Alvarado uses the term datawork to describe the lifecycle activities that produce and maintain datasets: collecting, annotating, curating, deploying and iteratively refining data. She cautioned founders and investors that data is not a static commodity but a dynamic, human-shaped resource. Because these choices have downstream effects on model behavior, datawork is a strategic differentiator that is nonetheless undervalued and frequently invisible within broader Artificial Intelligence development processes.
The human element in datawork introduces representational bias. Alvarado noted that many datasets do not represent the world equally, over-representing some regions, languages and perspectives while under-representing others. Those labeling and categorization decisions implicitly decide who is represented. As a result, even advanced Large Language Models trained on skewed data can perpetuate inequalities and perform poorly for underrepresented users or applications, raising ethical and practical risks for product deployments and global markets.
To address scarcity, privacy and gaps, practitioners increasingly explore synthetic data generated by Large Language Models.
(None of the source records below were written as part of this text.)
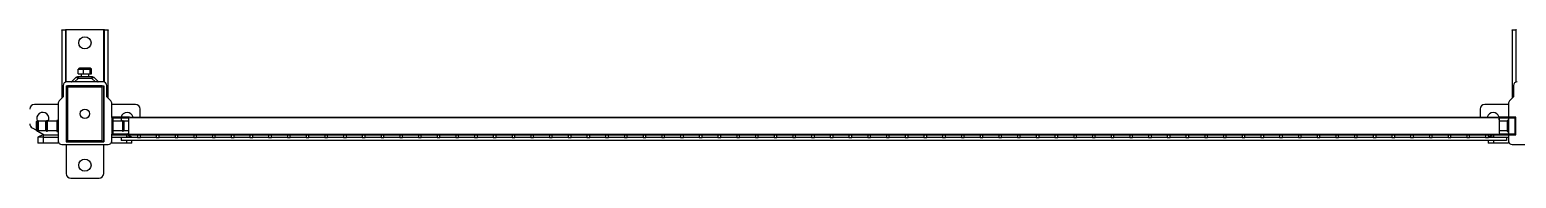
# Model space of a CAD drawing. Header units: inches. Extents: x 0 to 34.2, y 0 to 22.
# Drawn here: x 4.531 to 7.68, y 15.45 to 15.765 of the extents above; entities that cross this region are included whole.
import ezdxf

# ---------------------------------------------------------------- set-up
doc = ezdxf.new("R2010")
doc.units = ezdxf.units.IN
doc.header["$MEASUREMENT"] = 0

msp = doc.modelspace()

# ---------------------------------------------------------------- linework, layer by layer
at = {"color": 7, "linetype": 'Continuous', "lineweight": 25}
for p, q in [((4.5985, 15.7651), (4.6064, 15.7651)), ((4.5985, 15.7638), (4.5985, 15.7651)), ((4.5985, 15.7638), (4.5985, 15.6461)), ((4.6064, 15.7638), (4.5985, 15.7638)), ((4.6064, 15.7651), (4.6064, 15.7638)), ((4.6079, 15.7651), (4.6064, 15.7651)), ((4.6064, 15.7638), (4.6064, 15.6537)), ((4.6872, 15.7651), (4.6079, 15.7651)), ((4.6079, 15.6542), (4.6079, 15.7651)), ((4.6887, 15.7651), (4.6872, 15.7651)), ((4.6872, 15.6542), (4.6872, 15.7651)), ((4.6887, 15.7651), (4.6966, 15.7651)), ((4.6887, 15.7638), (4.6887, 15.7651)), ((4.6887, 15.6537), (4.6887, 15.7638)), ((4.6966, 15.7638), (4.6887, 15.7638)), ((4.6966, 15.7651), (4.6966, 15.7638)), ((4.6966, 15.6461), (4.6966, 15.7638)), ((7.6709, 15.7651), (7.6788, 15.7651)), ((7.6709, 15.7638), (7.6709, 15.7651)), ((7.6709, 15.7638), (7.6709, 15.6461)), ((7.6788, 15.7638), (7.6709, 15.7638)), ((7.6788, 15.7651), (7.6788, 15.7638)), ((7.6803, 15.7651), (7.6788, 15.7651)), ((7.6788, 15.7638), (7.6788, 15.6537)), ((4.6344, 15.682), (4.6348, 15.6826)), ((4.6361, 15.6832), (4.6347, 15.6827)), ((4.659, 15.6832), (4.6361, 15.6832)), ((4.6603, 15.6827), (4.659, 15.6832)), ((4.6857, 15.6543), (4.6094, 15.6543)), ((4.6274, 15.6629), (4.6188, 15.6543)), ((4.633, 15.6618), (4.6255, 15.6543)), ((4.633, 15.6652), (4.633, 15.6618)), ((4.6621, 15.6652), (4.633, 15.6652)), ((4.6621, 15.6618), (4.633, 15.6618)), ((4.6334, 15.6712), (4.6334, 15.6811)), ((4.6334, 15.6811), (4.6446, 15.6811)), ((4.6334, 15.6712), (4.6446, 15.6712)), ((4.6342, 15.6818), (4.6342, 15.6811)), ((4.6343, 15.6818), (4.6342, 15.6818)), ((4.6346, 15.6824), (4.6343, 15.6819)), ((4.6343, 15.6811), (4.6343, 15.6818)), ((4.6346, 15.682), (4.6344, 15.682)), ((4.6396, 15.6712), (4.6396, 15.6652)), ((4.6446, 15.6712), (4.6446, 15.6811)), ((4.6446, 15.6811), (4.6587, 15.6811)), ((4.6446, 15.6712), (4.6587, 15.6712)), ((4.6468, 15.6818), (4.6466, 15.6818)), ((4.6466, 15.6818), (4.6466, 15.6811)), ((4.6468, 15.6811), (4.6468, 15.6818)), ((4.6555, 15.6652), (4.6555, 15.6712)), ((4.6587, 15.6712), (4.6587, 15.6811)), ((4.6587, 15.6811), (4.6616, 15.6811)), ((4.6587, 15.6712), (4.6616, 15.6712)), ((4.6599, 15.6818), (4.6599, 15.6818)), ((4.66, 15.6818), (4.6599, 15.6818)), ((4.6599, 15.6818), (4.6599, 15.6811)), ((4.66, 15.6811), (4.66, 15.6818)), ((4.6605, 15.6824), (4.6608, 15.6818)), ((4.6608, 15.6811), (4.6608, 15.6818)), ((4.6608, 15.6818), (4.6608, 15.6818)), ((4.6608, 15.6818), (4.6608, 15.6811)), ((4.6616, 15.6712), (4.6616, 15.6811)), ((4.6621, 15.6652), (4.6621, 15.6618)), ((4.6621, 15.6618), (4.6696, 15.6543)), ((4.6677, 15.6629), (4.6763, 15.6543)), ((4.6014, 15.6226), (4.5929, 15.614)), ((4.6014, 15.6461), (4.5985, 15.6461)), ((4.5985, 15.6461), (4.5985, 15.6196)), ((4.6014, 15.6464), (4.6014, 15.6226)), ((4.6079, 15.6431), (4.6079, 15.5301)), ((4.608, 15.6461), (4.6109, 15.6461)), ((4.608, 15.6461), (4.608, 15.6438)), ((4.6842, 15.6461), (4.6109, 15.6461)), ((4.6842, 15.6431), (4.6109, 15.6431)), ((4.6109, 15.6431), (4.6109, 15.5301)), ((4.6842, 15.6461), (4.6873, 15.6461)), ((4.6842, 15.5301), (4.6842, 15.6431)), ((4.6872, 15.6183), (4.6872, 15.6461)), ((4.6872, 15.5301), (4.6872, 15.6431)), ((4.6873, 15.6461), (4.6873, 15.5271)), ((4.6937, 15.6226), (4.6937, 15.6464)), ((4.6937, 15.6461), (4.6966, 15.6461)), ((4.7022, 15.614), (4.6937, 15.6226)), ((4.6966, 15.6196), (4.6966, 15.6461)), ((7.6739, 15.6226), (7.6653, 15.614)), ((7.6739, 15.6461), (7.6709, 15.6461)), ((7.6709, 15.6461), (7.6709, 15.6196)), ((7.6739, 15.6464), (7.6739, 15.6226)), ((4.5905, 15.6064), (4.5405, 15.6064)), ((4.5905, 15.6084), (4.5905, 15.5294)), ((4.6872, 15.6183), (4.6873, 15.6183)), ((4.6872, 15.6064), (4.6872, 15.6183)), ((4.6873, 15.6064), (4.6872, 15.6064)), ((4.7046, 15.5785), (4.7046, 15.6084)), ((4.7546, 15.6064), (4.7046, 15.6064)), ((4.7645, 15.5797), (4.7645, 15.5965)), ((7.603, 15.5965), (7.603, 15.5797)), ((7.6629, 15.6064), (7.6129, 15.6064)), ((7.6629, 15.6084), (7.6629, 15.5797)), ((4.5355, 15.5569), (4.5447, 15.5516)), ((4.5464, 15.5717), (4.5444, 15.5697)), ((4.5444, 15.5697), (4.5444, 15.5608)), ((4.5444, 15.5608), (4.5444, 15.5519)), ((4.5484, 15.5717), (4.5464, 15.5717)), ((4.5464, 15.5717), (4.5464, 15.5499)), ((4.5484, 15.5717), (4.5484, 15.5499)), ((4.5653, 15.5707), (4.5484, 15.5707)), ((4.5662, 15.5717), (4.5643, 15.5697)), ((4.5643, 15.5697), (4.5643, 15.5519)), ((4.5682, 15.5717), (4.5662, 15.5717)), ((4.5662, 15.5717), (4.5662, 15.5499)), ((4.5682, 15.5499), (4.5682, 15.5717)), ((4.5881, 15.5707), (4.5682, 15.5707)), ((4.5905, 15.5727), (4.5881, 15.5727)), ((4.5881, 15.5727), (4.5881, 15.5489)), ((4.7046, 15.5785), (4.7046, 15.5431)), ((4.7411, 15.5797), (4.7057, 15.5797)), ((4.7065, 15.5777), (4.7065, 15.544)), ((4.7403, 15.5777), (4.7065, 15.5777)), ((4.707, 15.5727), (4.7065, 15.5727)), ((4.707, 15.5489), (4.707, 15.5727)), ((4.7269, 15.5707), (4.707, 15.5707)), ((4.7288, 15.5717), (4.7269, 15.5717)), ((4.7269, 15.5717), (4.7269, 15.5499)), ((4.7308, 15.5697), (4.7288, 15.5717)), ((4.7288, 15.5499), (4.7288, 15.5717)), ((4.7403, 15.5707), (4.7298, 15.5707)), ((4.7308, 15.5519), (4.7308, 15.5697)), ((4.7403, 15.544), (4.7403, 15.5777)), ((4.7422, 15.5797), (7.6413, 15.5797)), ((4.7422, 15.5785), (4.7422, 15.5797)), ((4.7422, 15.5785), (7.6413, 15.5785)), ((7.6413, 15.5797), (7.6413, 15.5785)), ((7.6778, 15.5797), (7.6425, 15.5797)), ((7.6433, 15.5777), (7.6433, 15.544)), ((7.677, 15.5777), (7.6433, 15.5777)), ((7.6605, 15.5707), (7.6433, 15.5707)), ((7.6629, 15.5727), (7.6605, 15.5727)), ((7.6605, 15.5727), (7.6605, 15.5489)), ((7.6629, 15.5777), (7.6629, 15.544)), ((7.677, 15.544), (7.677, 15.5777)), ((7.679, 15.5431), (7.679, 15.5785)), ((4.5444, 15.5519), (4.5464, 15.5499)), ((4.5464, 15.5499), (4.5484, 15.5499)), ((4.5477, 15.5499), (4.5612, 15.5421)), ((4.5585, 15.5421), (4.5479, 15.5371)), ((4.5598, 15.5371), (4.5479, 15.5371)), ((4.5479, 15.5371), (4.5479, 15.5242)), ((4.5484, 15.5509), (4.5653, 15.5509)), ((4.5598, 15.5421), (4.5585, 15.5421)), ((4.5598, 15.5371), (4.5598, 15.5421)), ((4.5598, 15.5421), (4.5905, 15.5421)), ((4.5598, 15.5371), (4.5905, 15.5371)), ((4.5598, 15.5242), (4.5598, 15.5371)), ((4.5643, 15.5519), (4.5662, 15.5499)), ((4.5662, 15.5499), (4.5682, 15.5499)), ((4.5682, 15.5509), (4.5881, 15.5509)), ((4.5881, 15.5489), (4.5905, 15.5489)), ((4.5905, 15.5294), (4.5905, 15.5242)), ((4.608, 15.5294), (4.608, 15.5271)), ((4.608, 15.5271), (4.6109, 15.5271)), ((4.6109, 15.5301), (4.6842, 15.5301)), ((4.6109, 15.5271), (4.6842, 15.5271)), ((4.6842, 15.5271), (4.6873, 15.5271)), ((4.7046, 15.5294), (4.7046, 15.5431)), ((4.7046, 15.5421), (4.7052, 15.5421)), ((4.7046, 15.5371), (4.7353, 15.5371)), ((4.7046, 15.5242), (4.7046, 15.5294)), ((4.7057, 15.542), (4.7411, 15.542)), ((4.7065, 15.5489), (4.707, 15.5489)), ((4.7065, 15.544), (4.7403, 15.544)), ((4.707, 15.5509), (4.7269, 15.5509)), ((4.7244, 15.536), (4.7244, 15.5301)), ((4.7591, 15.536), (4.7244, 15.536)), ((7.6592, 15.5301), (4.7244, 15.5301)), ((4.7269, 15.5499), (4.7288, 15.5499)), ((4.7288, 15.5499), (4.7308, 15.5519)), ((4.7298, 15.5509), (4.7403, 15.5509)), ((4.7353, 15.542), (4.7353, 15.5371)), ((4.7472, 15.5371), (4.7353, 15.5371)), ((4.7353, 15.5371), (4.7353, 15.536)), ((4.7353, 15.5301), (4.7353, 15.5242)), ((4.7472, 15.5371), (4.7368, 15.542)), ((4.7371, 15.544), (4.7403, 15.5458)), ((4.7422, 15.5431), (7.6413, 15.5431)), ((4.7422, 15.542), (4.7422, 15.5431)), ((4.7422, 15.542), (7.6413, 15.542)), ((4.7472, 15.536), (4.7472, 15.5371)), ((4.7472, 15.5242), (4.7472, 15.5301)), ((4.7591, 15.542), (4.7591, 15.536)), ((4.7591, 15.536), (4.765, 15.536)), ((4.765, 15.536), (4.765, 15.542)), ((4.7987, 15.536), (4.765, 15.536)), ((4.7987, 15.542), (4.7987, 15.536)), ((4.7987, 15.536), (4.8047, 15.536)), ((4.8047, 15.536), (4.8047, 15.542)), ((4.8384, 15.536), (4.8047, 15.536)), ((4.8384, 15.542), (4.8384, 15.536)), ((4.8384, 15.536), (4.8444, 15.536)), ((4.8444, 15.536), (4.8444, 15.542)), ((4.8781, 15.536), (4.8444, 15.536)), ((4.8781, 15.542), (4.8781, 15.536)), ((4.8781, 15.536), (4.884, 15.536)), ((4.884, 15.536), (4.884, 15.542)), ((4.9177, 15.536), (4.884, 15.536)), ((4.9177, 15.542), (4.9177, 15.536)), ((4.9177, 15.536), (4.9237, 15.536)), ((4.9237, 15.536), (4.9237, 15.542)), ((4.9574, 15.536), (4.9237, 15.536)), ((4.9574, 15.542), (4.9574, 15.536)), ((4.9574, 15.536), (4.9633, 15.536)), ((4.9633, 15.536), (4.9633, 15.542)), ((4.997, 15.536), (4.9633, 15.536)), ((4.997, 15.542), (4.997, 15.536)), ((4.997, 15.536), (5.003, 15.536)), ((5.003, 15.536), (5.003, 15.542)), ((5.0367, 15.536), (5.003, 15.536)), ((5.0367, 15.542), (5.0367, 15.536)), ((5.0367, 15.536), (5.0427, 15.536)), ((5.0427, 15.536), (5.0427, 15.542)), ((5.0764, 15.536), (5.0427, 15.536)), ((5.0764, 15.542), (5.0764, 15.536)), ((5.0764, 15.536), (5.0823, 15.536)), ((5.0823, 15.536), (5.0823, 15.542)), ((5.116, 15.536), (5.0823, 15.536)), ((5.116, 15.542), (5.116, 15.536)), ((5.116, 15.536), (5.122, 15.536)), ((5.122, 15.536), (5.122, 15.542)), ((5.1557, 15.536), (5.122, 15.536)), ((5.1557, 15.542), (5.1557, 15.536)), ((5.1557, 15.536), (5.1616, 15.536)), ((5.1616, 15.536), (5.1616, 15.542)), ((5.1953, 15.536), (5.1616, 15.536)), ((5.1953, 15.542), (5.1953, 15.536)), ((5.1953, 15.536), (5.2013, 15.536)), ((5.2013, 15.536), (5.2013, 15.542)), ((5.235, 15.536), (5.2013, 15.536)), ((5.235, 15.542), (5.235, 15.536)), ((5.235, 15.536), (5.241, 15.536)), ((5.241, 15.536), (5.241, 15.542)), ((5.2747, 15.536), (5.241, 15.536)), ((5.2747, 15.542), (5.2747, 15.536)), ((5.2747, 15.536), (5.2806, 15.536)), ((5.2806, 15.536), (5.2806, 15.542)), ((5.3143, 15.536), (5.2806, 15.536)), ((5.3143, 15.542), (5.3143, 15.536)), ((5.3143, 15.536), (5.3203, 15.536)), ((5.3203, 15.536), (5.3203, 15.542)), ((5.354, 15.536), (5.3203, 15.536)), ((5.354, 15.542), (5.354, 15.536)), ((5.354, 15.536), (5.3599, 15.536)), ((5.3599, 15.536), (5.3599, 15.542)), ((5.3936, 15.536), (5.3599, 15.536)), ((5.3936, 15.542), (5.3936, 15.536)), ((5.3936, 15.536), (5.3996, 15.536)), ((5.3996, 15.536), (5.3996, 15.542)), ((5.4333, 15.536), (5.3996, 15.536)), ((5.4333, 15.542), (5.4333, 15.536)), ((5.4333, 15.536), (5.4392, 15.536)), ((5.4392, 15.536), (5.4392, 15.542)), ((5.473, 15.536), (5.4392, 15.536)), ((5.473, 15.542), (5.473, 15.536)), ((5.473, 15.536), (5.4789, 15.536)), ((5.4789, 15.536), (5.4789, 15.542)), ((5.5126, 15.536), (5.4789, 15.536)), ((5.5126, 15.542), (5.5126, 15.536)), ((5.5126, 15.536), (5.5186, 15.536)), ((5.5186, 15.536), (5.5186, 15.542)), ((5.5523, 15.536), (5.5186, 15.536)), ((5.5523, 15.542), (5.5523, 15.536)), ((5.5523, 15.536), (5.5582, 15.536)), ((5.5582, 15.536), (5.5582, 15.542)), ((5.5919, 15.536), (5.5582, 15.536)), ((5.5919, 15.542), (5.5919, 15.536)), ((5.5919, 15.536), (5.5979, 15.536)), ((5.5979, 15.536), (5.5979, 15.542)), ((5.6316, 15.536), (5.5979, 15.536)), ((5.6316, 15.542), (5.6316, 15.536)), ((5.6316, 15.536), (5.6375, 15.536)), ((5.6375, 15.536), (5.6375, 15.542)), ((5.6713, 15.536), (5.6375, 15.536)), ((5.6713, 15.542), (5.6713, 15.536)), ((5.6713, 15.536), (5.6772, 15.536)), ((5.6772, 15.536), (5.6772, 15.542)), ((5.7109, 15.536), (5.6772, 15.536)), ((5.7109, 15.542), (5.7109, 15.536)), ((5.7109, 15.536), (5.7169, 15.536)), ((5.7169, 15.536), (5.7169, 15.542)), ((5.7506, 15.536), (5.7169, 15.536)), ((5.7506, 15.542), (5.7506, 15.536)), ((5.7506, 15.536), (5.7565, 15.536)), ((5.7565, 15.536), (5.7565, 15.542)), ((5.7902, 15.536), (5.7565, 15.536)), ((5.7902, 15.542), (5.7902, 15.536)), ((5.7902, 15.536), (5.7962, 15.536)), ((5.7962, 15.536), (5.7962, 15.542)), ((5.8299, 15.536), (5.7962, 15.536)), ((5.8299, 15.542), (5.8299, 15.536)), ((5.8299, 15.536), (5.8358, 15.536)), ((5.8358, 15.536), (5.8358, 15.542)), ((5.8696, 15.536), (5.8358, 15.536)), ((5.8696, 15.542), (5.8696, 15.536)), ((5.8696, 15.536), (5.8755, 15.536)), ((5.8755, 15.536), (5.8755, 15.542)), ((5.9092, 15.536), (5.8755, 15.536)), ((5.9092, 15.542), (5.9092, 15.536)), ((5.9092, 15.536), (5.9152, 15.536)), ((5.9152, 15.536), (5.9152, 15.542)), ((5.9489, 15.536), (5.9152, 15.536)), ((5.9489, 15.542), (5.9489, 15.536)), ((5.9489, 15.536), (5.9548, 15.536)), ((5.9548, 15.536), (5.9548, 15.542)), ((5.9885, 15.536), (5.9548, 15.536)), ((5.9885, 15.542), (5.9885, 15.536)), ((5.9885, 15.536), (5.9945, 15.536)), ((5.9945, 15.536), (5.9945, 15.542)), ((6.0282, 15.536), (5.9945, 15.536)), ((6.0282, 15.542), (6.0282, 15.536)), ((6.0282, 15.536), (6.0341, 15.536)), ((6.0341, 15.536), (6.0341, 15.542)), ((6.0678, 15.536), (6.0341, 15.536)), ((6.0678, 15.542), (6.0678, 15.536)), ((6.0678, 15.536), (6.0738, 15.536)), ((6.0738, 15.536), (6.0738, 15.542)), ((6.1075, 15.536), (6.0738, 15.536)), ((6.1075, 15.542), (6.1075, 15.536)), ((6.1075, 15.536), (6.1135, 15.536)), ((6.1135, 15.536), (6.1135, 15.542)), ((6.1472, 15.536), (6.1135, 15.536)), ((6.1472, 15.542), (6.1472, 15.536)), ((6.1472, 15.536), (6.1531, 15.536)), ((6.1531, 15.536), (6.1531, 15.542)), ((6.1868, 15.536), (6.1531, 15.536)), ((6.1868, 15.542), (6.1868, 15.536)), ((6.1868, 15.536), (6.1928, 15.536)), ((6.1928, 15.536), (6.1928, 15.542)), ((6.2265, 15.536), (6.1928, 15.536)), ((6.2265, 15.542), (6.2265, 15.536)), ((6.2265, 15.536), (6.2324, 15.536)), ((6.2324, 15.536), (6.2324, 15.542)), ((6.2661, 15.536), (6.2324, 15.536)), ((6.2661, 15.542), (6.2661, 15.536)), ((6.2661, 15.536), (6.2721, 15.536)), ((6.2721, 15.536), (6.2721, 15.542)), ((6.3058, 15.536), (6.2721, 15.536)), ((6.3058, 15.542), (6.3058, 15.536)), ((6.3058, 15.536), (6.3118, 15.536)), ((6.3118, 15.536), (6.3118, 15.542)), ((6.3455, 15.536), (6.3118, 15.536)), ((6.3455, 15.542), (6.3455, 15.536)), ((6.3455, 15.536), (6.3514, 15.536)), ((6.3514, 15.536), (6.3514, 15.542)), ((6.3851, 15.536), (6.3514, 15.536)), ((6.3851, 15.542), (6.3851, 15.536)), ((6.3851, 15.536), (6.3911, 15.536)), ((6.3911, 15.536), (6.3911, 15.542)), ((6.4248, 15.536), (6.3911, 15.536)), ((6.4248, 15.542), (6.4248, 15.536)), ((6.4248, 15.536), (6.4307, 15.536)), ((6.4307, 15.536), (6.4307, 15.542)), ((6.4644, 15.536), (6.4307, 15.536)), ((6.4644, 15.542), (6.4644, 15.536)), ((6.4644, 15.536), (6.4704, 15.536)), ((6.4704, 15.536), (6.4704, 15.542)), ((6.5041, 15.536), (6.4704, 15.536)), ((6.5041, 15.542), (6.5041, 15.536)), ((6.5041, 15.536), (6.51, 15.536)), ((6.51, 15.536), (6.51, 15.542)), ((6.5438, 15.536), (6.51, 15.536)), ((6.5438, 15.542), (6.5438, 15.536)), ((6.5438, 15.536), (6.5497, 15.536)), ((6.5497, 15.536), (6.5497, 15.542)), ((6.5834, 15.536), (6.5497, 15.536)), ((6.5834, 15.542), (6.5834, 15.536)), ((6.5834, 15.536), (6.5894, 15.536)), ((6.5894, 15.536), (6.5894, 15.542)), ((6.6231, 15.536), (6.5894, 15.536)), ((6.6231, 15.542), (6.6231, 15.536)), ((6.6231, 15.536), (6.629, 15.536)), ((6.629, 15.536), (6.629, 15.542)), ((6.6627, 15.536), (6.629, 15.536)), ((6.6627, 15.542), (6.6627, 15.536)), ((6.6627, 15.536), (6.6687, 15.536)), ((6.6687, 15.536), (6.6687, 15.542)), ((6.7024, 15.536), (6.6687, 15.536)), ((6.7024, 15.542), (6.7024, 15.536)), ((6.7024, 15.536), (6.7083, 15.536)), ((6.7083, 15.536), (6.7083, 15.542)), ((6.7421, 15.536), (6.7083, 15.536)), ((6.7421, 15.542), (6.7421, 15.536)), ((6.7421, 15.536), (6.748, 15.536)), ((6.748, 15.536), (6.748, 15.542)), ((6.7817, 15.536), (6.748, 15.536)), ((6.7817, 15.542), (6.7817, 15.536)), ((6.7817, 15.536), (6.7877, 15.536)), ((6.7877, 15.536), (6.7877, 15.542)), ((6.8214, 15.536), (6.7877, 15.536)), ((6.8214, 15.542), (6.8214, 15.536)), ((6.8214, 15.536), (6.8273, 15.536)), ((6.8273, 15.536), (6.8273, 15.542)), ((6.861, 15.536), (6.8273, 15.536)), ((6.861, 15.542), (6.861, 15.536)), ((6.861, 15.536), (6.867, 15.536)), ((6.867, 15.536), (6.867, 15.542)), ((6.9007, 15.536), (6.867, 15.536)), ((6.9007, 15.542), (6.9007, 15.536)), ((6.9007, 15.536), (6.9066, 15.536)), ((6.9066, 15.536), (6.9066, 15.542)), ((6.9404, 15.536), (6.9066, 15.536)), ((6.9404, 15.542), (6.9404, 15.536)), ((6.9404, 15.536), (6.9463, 15.536)), ((6.9463, 15.536), (6.9463, 15.542)), ((6.98, 15.536), (6.9463, 15.536)), ((6.98, 15.542), (6.98, 15.536)), ((6.98, 15.536), (6.986, 15.536)), ((6.986, 15.536), (6.986, 15.542)), ((7.0197, 15.536), (6.986, 15.536)), ((7.0197, 15.542), (7.0197, 15.536)), ((7.0197, 15.536), (7.0256, 15.536)), ((7.0256, 15.536), (7.0256, 15.542)), ((7.0593, 15.536), (7.0256, 15.536)), ((7.0593, 15.542), (7.0593, 15.536)), ((7.0593, 15.536), (7.0653, 15.536)), ((7.0653, 15.536), (7.0653, 15.542)), ((7.099, 15.536), (7.0653, 15.536)), ((7.099, 15.542), (7.099, 15.536)), ((7.099, 15.536), (7.1049, 15.536)), ((7.1049, 15.536), (7.1049, 15.542)), ((7.1387, 15.536), (7.1049, 15.536)), ((7.1387, 15.542), (7.1387, 15.536)), ((7.1387, 15.536), (7.1446, 15.536)), ((7.1446, 15.536), (7.1446, 15.542)), ((7.1783, 15.536), (7.1446, 15.536)), ((7.1783, 15.542), (7.1783, 15.536)), ((7.1783, 15.536), (7.1843, 15.536)), ((7.1843, 15.536), (7.1843, 15.542)), ((7.218, 15.536), (7.1843, 15.536)), ((7.218, 15.542), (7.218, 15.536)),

Alvarado warned that synthetic data is not a cure-all: every synthetically generated dataset requires detailed documentation of seed data, prompts and parameter settings to preserve provenance and enable accountability. She concluded with three forward-looking points: specialized datasets matter, scale alone does not ensure diversity or quality, and dataset categories must reflect real user needs and application conditions. The future of robust, ethical and performant Artificial Intelligence, she argued, depends as much on meticulous datawork as on algorithmic advances.